**What to do:**
Could you please retype exactly the lines from the start of the records below through the line that contains "circle A0 centre (0, 0) radius 1.25", both included, and leave out the pictures?

[Entries taken from a collection]
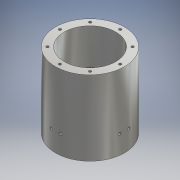
# Autodesk Inventor part: Enclosure
Saved by Autodesk Inventor 2016 (Build 200138000, 138)
## iProperties
Created: 2016-04-14
Part Number: Enclosure
Material: Generic
Document SubType Name: Modeling
Designer: Andres
Density: 1 g/cm^3
Appearance: Aluminum - Polished
Author: Andres
Autodesk Inventor part; units mm, degrees
ref_plane "YZ Plane" through (0, 0, 0) normal (1, 0, 0) x (0, 1, 0)
ref_plane "XZ Plane" through (0, 0, 0) normal (0, 1, 0) x (-1, 0, 0)
ref_plane "XY Plane" through (0, 0, 0) normal (0, 0, 1) x (1, 0, 0)
sketch "Sketch1" plane through (0, 0, 0) normal (0, 0, 1) x (1, 0, 0)
  circle A0 centre (0, 0) radius 40
  dimension "d32" = 80
  constraints: 1 centre point
  measures "d32" diameter of A0
extrude "Extrusion1" add sketch "Sketch1" along normal blind 87
sketch "Sketch2" plane through (0, 0, 87) normal (0, 0, 1) x (1, 0, 0)
  circle A0 centre (0, 0) radius 30
  point P0 (-21, 0)
  point P1 (0, 21)
  dimension "d86" = 60
  dimension "d87" = 21
  dimension "d88" = 21
  constraints: 1 centre point, 1 coincident, 1 horizontal alignment, 1 vertical alignment
  measures "d86" diameter of A0
  measures "d87" distance of point (0, 21) point (0, 0)
  measures "d88" distance of point (-21, 0) point (0, 0)
extrude "Extrusion2" cut sketch "Sketch2" against normal blind 42
sketch "Sketch3" plane through (0, 0, 45) normal (0, 0, 1) x (1, 0, 0)
  point P0 (0, 0)
sketch "Sketch4" plane through (0, 0, 0) normal (0, 0, -1) x (-1, 0, 0)
  circle A0 centre (0, 0) radius 11
  dimension "d8" = 22
  constraints: 1 centre point, 1 coincident
  measures "d8" diameter of A0
extrude "Extrusion3" cut sketch "Sketch4" against normal blind 10
sketch "Sketch5" plane through (0, 0, 10) normal (0, 0, -1) x (-1, 0, 0)
  circle A0 centre (0, 0) radius 1.25
  dimension "d11" = 2.5
  constraints: 1 centre point, 1 coincident
  measures "d11" diameter of A0
extrude "Extrusion4" cut sketch "Sketch5" against normal blind 35
ref_plane "Work Plane2" through (0, 0, 10) normal (0, 0, -1) x (-1, 0, 0)
sketch "Sketch9" plane through (0, 0, 0) normal (0, 0, -1) x (-1, 0, 0)
  point P0 (0, 0)
ref_plane "Work Plane7" through (20, -7.5, 0) normal (-1, 0, 0) x (0, 0, 1)
ref_plane "Work Plane8" through (-7.5, 20, 0) normal (0, -1, 0) x (1, 0, 0)
ref_plane "Work Plane9" through (-20, -7.5, 0) normal (1, 0, 0) x (0, 0, -1)
ref_plane "Work Plane10" through (-7.5, -20, 0) normal (0, 1, 0) x (1, 0, 0)
sketch "Sketch19" plane through (0, 0, 45) normal (0, 0, 1) x (1, 0, 0)
  circle A0 centre (0.0339, -24.2) radius 0.9
  circle A1 centre (24.2, 0) radius 0.9
  circle A2 centre (-24.2, 0) radius 0.9
  circle A3 centre (0.0339, 24.2) radius 0.9
  point P0 (0, 0)
  dimension "d89" = 1.8
  dimension "d90" = 24.2
  dimension "d91" = 1.8
  dimension "d92" = 24.2
  dimension "d93" = 1.8
  dimension "d94" = 24.2
  dimension "d95" = 1.8
  dimension "d96" = 24.2
  dimension "d97" = 34.2
  dimension "d98" = 34.2
  dimension "d100" = 48.4
  constraints: 4 centre point
  measures "d89" diameter of A0
  measures "d90" distance of A0.centre point (0, 0)
  measures "d91" diameter of A1
  measures "d92" distance of point (0, 0) A1.centre
  measures "d93" diameter of A2
  measures "d94" distance of A2.centre point (0, 0)
  measures "d95" diameter of A3
  measures "d96" distance of point (0, 0) A3.centre
  measures "d97" distance of A1.centre A3.centre
  measures "d98" distance of A1.centre A0.centre
  measures "d100" distance of A1.centre A2.centre
extrude "Extrusion14" cut sketch "Sketch19" against normal blind 10
sketch "Sketch20" plane through (0, 0, 10) normal (0, 0, -1) x (-1, 0, 0)
  circle A0 centre (-7.5, 0) radius 2.25
  circle A1 centre (0, -7.5) radius 2.25
  circle A2 centre (7.5, 0) radius 2.25
  circle A3 centre (0, 7.5) radius 2.25
  point P0 (0, 0)
  dimension "d103" = 4.5
  dimension "d104" = 4.5
  dimension "d105" = 4.5
  dimension "d106" = 4.5
  dimension "d109" = 7.5
  dimension "d111" = 7.5
  dimension "d112" = 7.5
  dimension "d114" = 7.5
  dimension "d115" = 7.5
  dimension "d116" = 7.5
  dimension "d117" = 7.5
  dimension "d118" = 7.5
  constraints: 4 centre point
  measures "d103" diameter of A0
  measures "d104" diameter of A1
  measures "d105" diameter of A2
  measures "d106" diameter of A3
  measures "d109" distance of point (0, 0) A2.centre
  measures "d111" distance of point (0, 0) A0.centre
  measures "d112" distance of point (0, 0) A1.centre
  measures "d114" distance of A3.centre point (0, 0)
  measures "d115" horizontal distance of A1.centre A2.centre
  measures "d116" horizontal distance of A0.centre A1.centre
  measures "d117" horizontal distance of A2.centre A3.centre
  measures "d118" horizontal distance of A1.centre A2.centre
extrude "Extrusion15" cut sketch "Sketch20" against normal blind 20
ref_plane "Work Plane11" through (-7.5, -30, 0) normal (0, 1, 0) x (1, 0, 0)
sketch "Sketch22" plane through (-7.5, -30, 0) normal (0, 1, 0) x (1, 0, 0)
  line L0 (-5, 0) -> (20, 0) projected
  line L1 (-5, -30) -> (-5, 0) projected
  line L2 (20, -30) -> (-5, -30) projected
  line L3 (20, 0) -> (20, -30) projected
  point P0 (7.5, 0)
extrude "Extrusion16" cut sketch "Sketch22" along normal mid plane 5
ref_plane "Work Plane12" through (30, -7.5, 0) normal (-1, 0, 0) x (0, 0, 1)
sketch "Sketch23" plane through (30, -7.5, 0) normal (-1, 0, 0) x (0, 0, 1)
  line L0 (0, -5) -> (0, 20) projected
  line L1 (29.9794, -5) -> (0, -5) projected
  line L2 (29.9794, 20) -> (29.9794, -5) projected
  line L3 (0, 20) -> (29.9794, 20) projected
  point P0 (0, 7.5)
extrude "Extrusion17" cut sketch "Sketch23" along normal mid plane 5
ref_plane "Work Plane13" through (-7.5, 30, 0) normal (0, -1, 0) x (1, 0, 0)
sketch "Sketch24" plane through (-7.5, 30, 0) normal (0, -1, 0) x (1, 0, 0)
  point P0 (7.5, 0)
sketch "Sketch25" plane through (-7.5, 30, 0) normal (0, -1, 0) x (1, 0, 0)
  line L0 (20, 0) -> (-5, 0) projected
  line L1 (20, 30) -> (20, 0) projected
  line L2 (-5, 30) -> (20, 30) projected
  line L3 (-5, 0) -> (-5, 30) projected
  point P0 (7.5, 0)
extrude "Extrusion18" cut sketch "Sketch25" along normal mid plane 5
ref_plane "Work Plane14" through (-30, -7.5, 0) normal (1, 0, 0) x (0, 0, -1)
sketch "Sketch26" plane through (-30, -7.5, 0) normal (1, 0, 0) x (0, 0, -1)
  line L0 (0, 20) -> (0, -5) projected
  line L1 (-29.7528, 20) -> (0, 20) projected
  line L2 (-29.7528, -5) -> (-29.7528, 20) projected
  line L3 (0, -5) -> (-29.7528, -5) projected
  point P0 (0, 7.5)
extrude "Extrusion19" cut sketch "Sketch26" along normal mid plane 5
ref_plane "Work Plane16" through (32.5, -7.5, 0) normal (-1, 0, 0) x (0, 0, 1)
sketch "Sketch27" plane through (32.5, -7.5, 0) normal (-1, 0, 0) x (0, 0, 1)
  circle A0 centre (21.9794, 2.25) radius 1.5
  line L0 (0, -5) -> (29.9794, -5) projected
  line L1 (29.9794, -5) -> (29.9794, 20) projected
  circle A1 centre (21.9794, 12.75) radius 1.5
  line L2 (29.9794, 20) -> (0, 20) projected
  point P0 (0, 7.5)
  dimension "d134" = 7.25
  dimension "d136" = 8
  dimension "d137" = 3
  dimension "d138" = 3
  dimension "d139" = 7.25
  dimension "d140" = 8
  constraints: 2 centre point
  measures "d134" distance from line of L0 A0.centre
  measures "d136" distance from line of L1 A0.centre
  measures "d137" diameter of A0
  measures "d138" diameter of A1
  measures "d139" distance from line of L2 A1.centre
  measures "d140" distance from line of L1 A1.centre
extrude "Extrusion20" cut sketch "Sketch27" against normal blind 7.5
ref_plane "Work Plane17" through (-7.5, -32.5, 0) normal (0, 1, 0) x (1, 0, 0)
sketch "Sketch29" plane through (-7.5, -32.5, 0) normal (0, 1, 0) x (1, 0, 0)
  line L0 (20, 0) -> (-5, 0) projected
  line L1 (20, -30) -> (20, 0) projected
  line L2 (-5, -30) -> (20, -30) projected
  line L3 (-5, 0) -> (-5, -30) projected
  circle A0 centre (2.25, -22) radius 1.5
  circle A1 centre (12.75, -22) radius 1.5
  point P0 (7.5, 0)
  dimension "d144" = 3
  dimension "d145" = 3
  dimension "d146" = 7.25
  dimension "d147" = 8
  dimension "d148" = 7.25
  dimension "d149" = 8
  constraints: 2 centre point
  measures "d144" diameter of A0
  measures "d145" diameter of A1
  measures "d146" distance from line of L3 A0.centre
  measures "d147" distance from line of L2 A0.centre
  measures "d148" distance from line of L1 A1.centre
  measures "d149" distance from line of L2 A1.centre
extrude "Extrusion21" cut sketch "Sketch29" against normal blind 7.5 contours A0 | A1
ref_plane "Work Plane18" through (-32.5, -7.5, 0) normal (1, 0, 0) x (0, 0, -1)
sketch "Sketch30" plane through (-32.5, -7.5, 0) normal (1, 0, 0) x (0, 0, -1)
  circle A0 centre (-21.7528, 12.75) radius 1.5
  circle A1 centre (-21.7528, 2.25) radius 1.5
  line L0 (-29.7528, 20) -> (-29.7528, -5) projected
  line L1 (0, 20) -> (-29.7528, 20) projected
  line L2 (-29.7528, -5) -> (0, -5) projected
  point P0 (0, 7.5)
  dimension "d153" = 3
  dimension "d154" = 3
  dimension "d155" = 8
  dimension "d156" = 8
  dimension "d157" = 7.25
  dimension "d158" = 7.25
  constraints: 2 centre point
  measures "d153" diameter of A0
  measures "d154" diameter of A1
  measures "d155" distance from line of L0 A0.centre
  measures "d156" distance from line of L0 A1.centre
  measures "d157" distance from line of L1 A0.centre
  measures "d158" distance from line of L2 A1.centre
extrude "Extrusion22" cut sketch "Sketch30" against normal blind 7.5
ref_plane "Work Plane19" through (-7.5, 32.5, 0) normal (0, -1, 0) x (1, 0, 0)
sketch "Sketch31" plane through (-7.5, 32.5, 0) normal (0, -1, 0) x (1, 0, 0)
  line L0 (-5, 0) -> (20, 0) projected
  line L1 (-5, 30) -> (-5, 0) projected
  line L2 (20, 30) -> (-5, 30) projected
  line L3 (20, 0) -> (20, 30) projected
  circle A0 centre (12.75, 22) radius 1.5
  circle A1 centre (2.25, 22) radius 1.5
  point P0 (7.5, 0)
  dimension "d162" = 3
  dimension "d163" = 8
  dimension "d164" = 8
  dimension "d165" = 7.25
  dimension "d166" = 7.25
  dimension "d167" = 3
  constraints: 2 centre point
  measures "d162" diameter of A1
  measures "d163" distance from line of L2 A0.centre
  measures "d164" distance from line of L2 A1.centre
  measures "d165" distance from line of L1 A1.centre
  measures "d166" distance from line of L3 A0.centre
  measures "d167" diameter of A0
extrude "Extrusion23" cut sketch "Sketch31" against normal blind 7.5 contours A0 | A1
ref_plane "Work Plane20" through (-7.5, 27.5, 0) normal (0, 1, 0) x (1, 0, 0)
sketch "Sketch32" plane through (-7.5, 27.5, 0) normal (0, 1, 0) x (1, 0, 0)
  circle A0 centre (12.75, -22) radius 1.5 projected
  circle A1 centre (2.25, -22) radius 1.5 projected
  point P0 (7.5, 0)
extrude "Extrusion24" cut sketch "Sketch32" against normal blind 5
ref_plane "Work Plane21" through (27.5, -7.5, 0) normal (1, 0, 0) x (0, 0, -1)
sketch "Sketch33" plane through (27.5, -7.5, 0) normal (1, 0, 0) x (0, 0, -1)
  circle A0 centre (-21.9794, 2.25) radius 1.5 projected
  circle A1 centre (-21.9794, 12.75) radius 1.5 projected
  point P0 (0, 7.5)
extrude "Extrusion25" cut sketch "Sketch33" against normal blind 5
ref_plane "Work Plane22" through (-7.5, -27.5, 0) normal (0, -1, 0) x (1, 0, 0)
sketch "Sketch34" plane through (-7.5, -27.5, 0) normal (0, -1, 0) x (1, 0, 0)
  circle A0 centre (12.75, 22) radius 1.5 projected
  circle A1 centre (2.25, 22) radius 1.5 projected
  point P0 (7.5, 0)
extrude "Extrusion26" cut sketch "Sketch34" against normal blind 5
ref_plane "Work Plane23" through (-27.5, -7.5, 0) normal (-1, 0, 0) x (0, 0, 1)
sketch "Sketch35" plane through (-27.5, -7.5, 0) normal (-1, 0, 0) x (0, 0, 1)
  circle A0 centre (21.7528, 2.25) radius 1.5 projected
  circle A1 centre (21.7528, 12.75) radius 1.5 projected
  point P0 (0, 7.5)
extrude "Extrusion27" cut sketch "Sketch35" against normal blind 5
sketch "Sketch36" plane through (0, 0, 87) normal (0, 0, 1) x (1, 0, 0)
  circle A0 centre (0, 0) radius 40 projected
  circle A1 centre (0, 35) radius 1.5
  line L0 (-12.5, 32.5) -> (12.5, 32.5) projected
  circle A2 centre (-24.7487, 24.7487) radius 1.5
  circle A3 centre (-35, 0) radius 1.5
  circle A4 centre (-24.7487, -24.7487) radius 1.5
  circle A5 centre (0, -35) radius 1.5
  circle A6 centre (24.7487, -24.7487) radius 1.5
  circle A7 centre (35, 0) radius 1.5
  circle A8 centre (24.7487, 24.7487) radius 1.5
  point P0 (0, 32.5)
  dimension "d182" = 3
  dimension "d183" = 35
  dimension "d186" = 360
  constraints: 8 centre point, 1 midpoint, 1 vertical alignment, 17 other
  measures "d182" diameter of A1
  measures "d183" distance of point (0, 0) A1.centre
extrude "Extrusion28" cut sketch "Sketch36" against normal blind 25 contours A1 | A2 | A3 | A4 | A5 | A6 | A7 | A8
body "Solid1"

**Solution:**
# Autodesk Inventor part: Enclosure
Saved by Autodesk Inventor 2016 (Build 200138000, 138)
## iProperties
Created: 2016-04-14
Part Number: Enclosure
Material: Generic
Document SubType Name: Modeling
Designer: Andres
Density: 1 g/cm^3
Appearance: Aluminum - Polished
Author: Andres
Autodesk Inventor part; units mm, degrees
ref_plane "YZ Plane" through (0, 0, 0) normal (1, 0, 0) x (0, 1, 0)
ref_plane "XZ Plane" through (0, 0, 0) normal (0, 1, 0) x (-1, 0, 0)
ref_plane "XY Plane" through (0, 0, 0) normal (0, 0, 1) x (1, 0, 0)
sketch "Sketch1" plane through (0, 0, 0) normal (0, 0, 1) x (1, 0, 0)
  circle A0 centre (0, 0) radius 40
  dimension "d32" = 80
  constraints: 1 centre point
  measures "d32" diameter of A0
extrude "Extrusion1" add sketch "Sketch1" along normal blind 87
sketch "Sketch2" plane through (0, 0, 87) normal (0, 0, 1) x (1, 0, 0)
  circle A0 centre (0, 0) radius 30
  point P0 (-21, 0)
  point P1 (0, 21)
  dimension "d86" = 60
  dimension "d87" = 21
  dimension "d88" = 21
  constraints: 1 centre point, 1 coincident, 1 horizontal alignment, 1 vertical alignment
  measures "d86" diameter of A0
  measures "d87" distance of point (0, 21) point (0, 0)
  measures "d88" distance of point (-21, 0) point (0, 0)
extrude "Extrusion2" cut sketch "Sketch2" against normal blind 42
sketch "Sketch3" plane through (0, 0, 45) normal (0, 0, 1) x (1, 0, 0)
  point P0 (0, 0)
sketch "Sketch4" plane through (0, 0, 0) normal (0, 0, -1) x (-1, 0, 0)
  circle A0 centre (0, 0) radius 11
  dimension "d8" = 22
  constraints: 1 centre point, 1 coincident
  measures "d8" diameter of A0
extrude "Extrusion3" cut sketch "Sketch4" against normal blind 10
sketch "Sketch5" plane through (0, 0, 10) normal (0, 0, -1) x (-1, 0, 0)
  circle A0 centre (0, 0) radius 1.25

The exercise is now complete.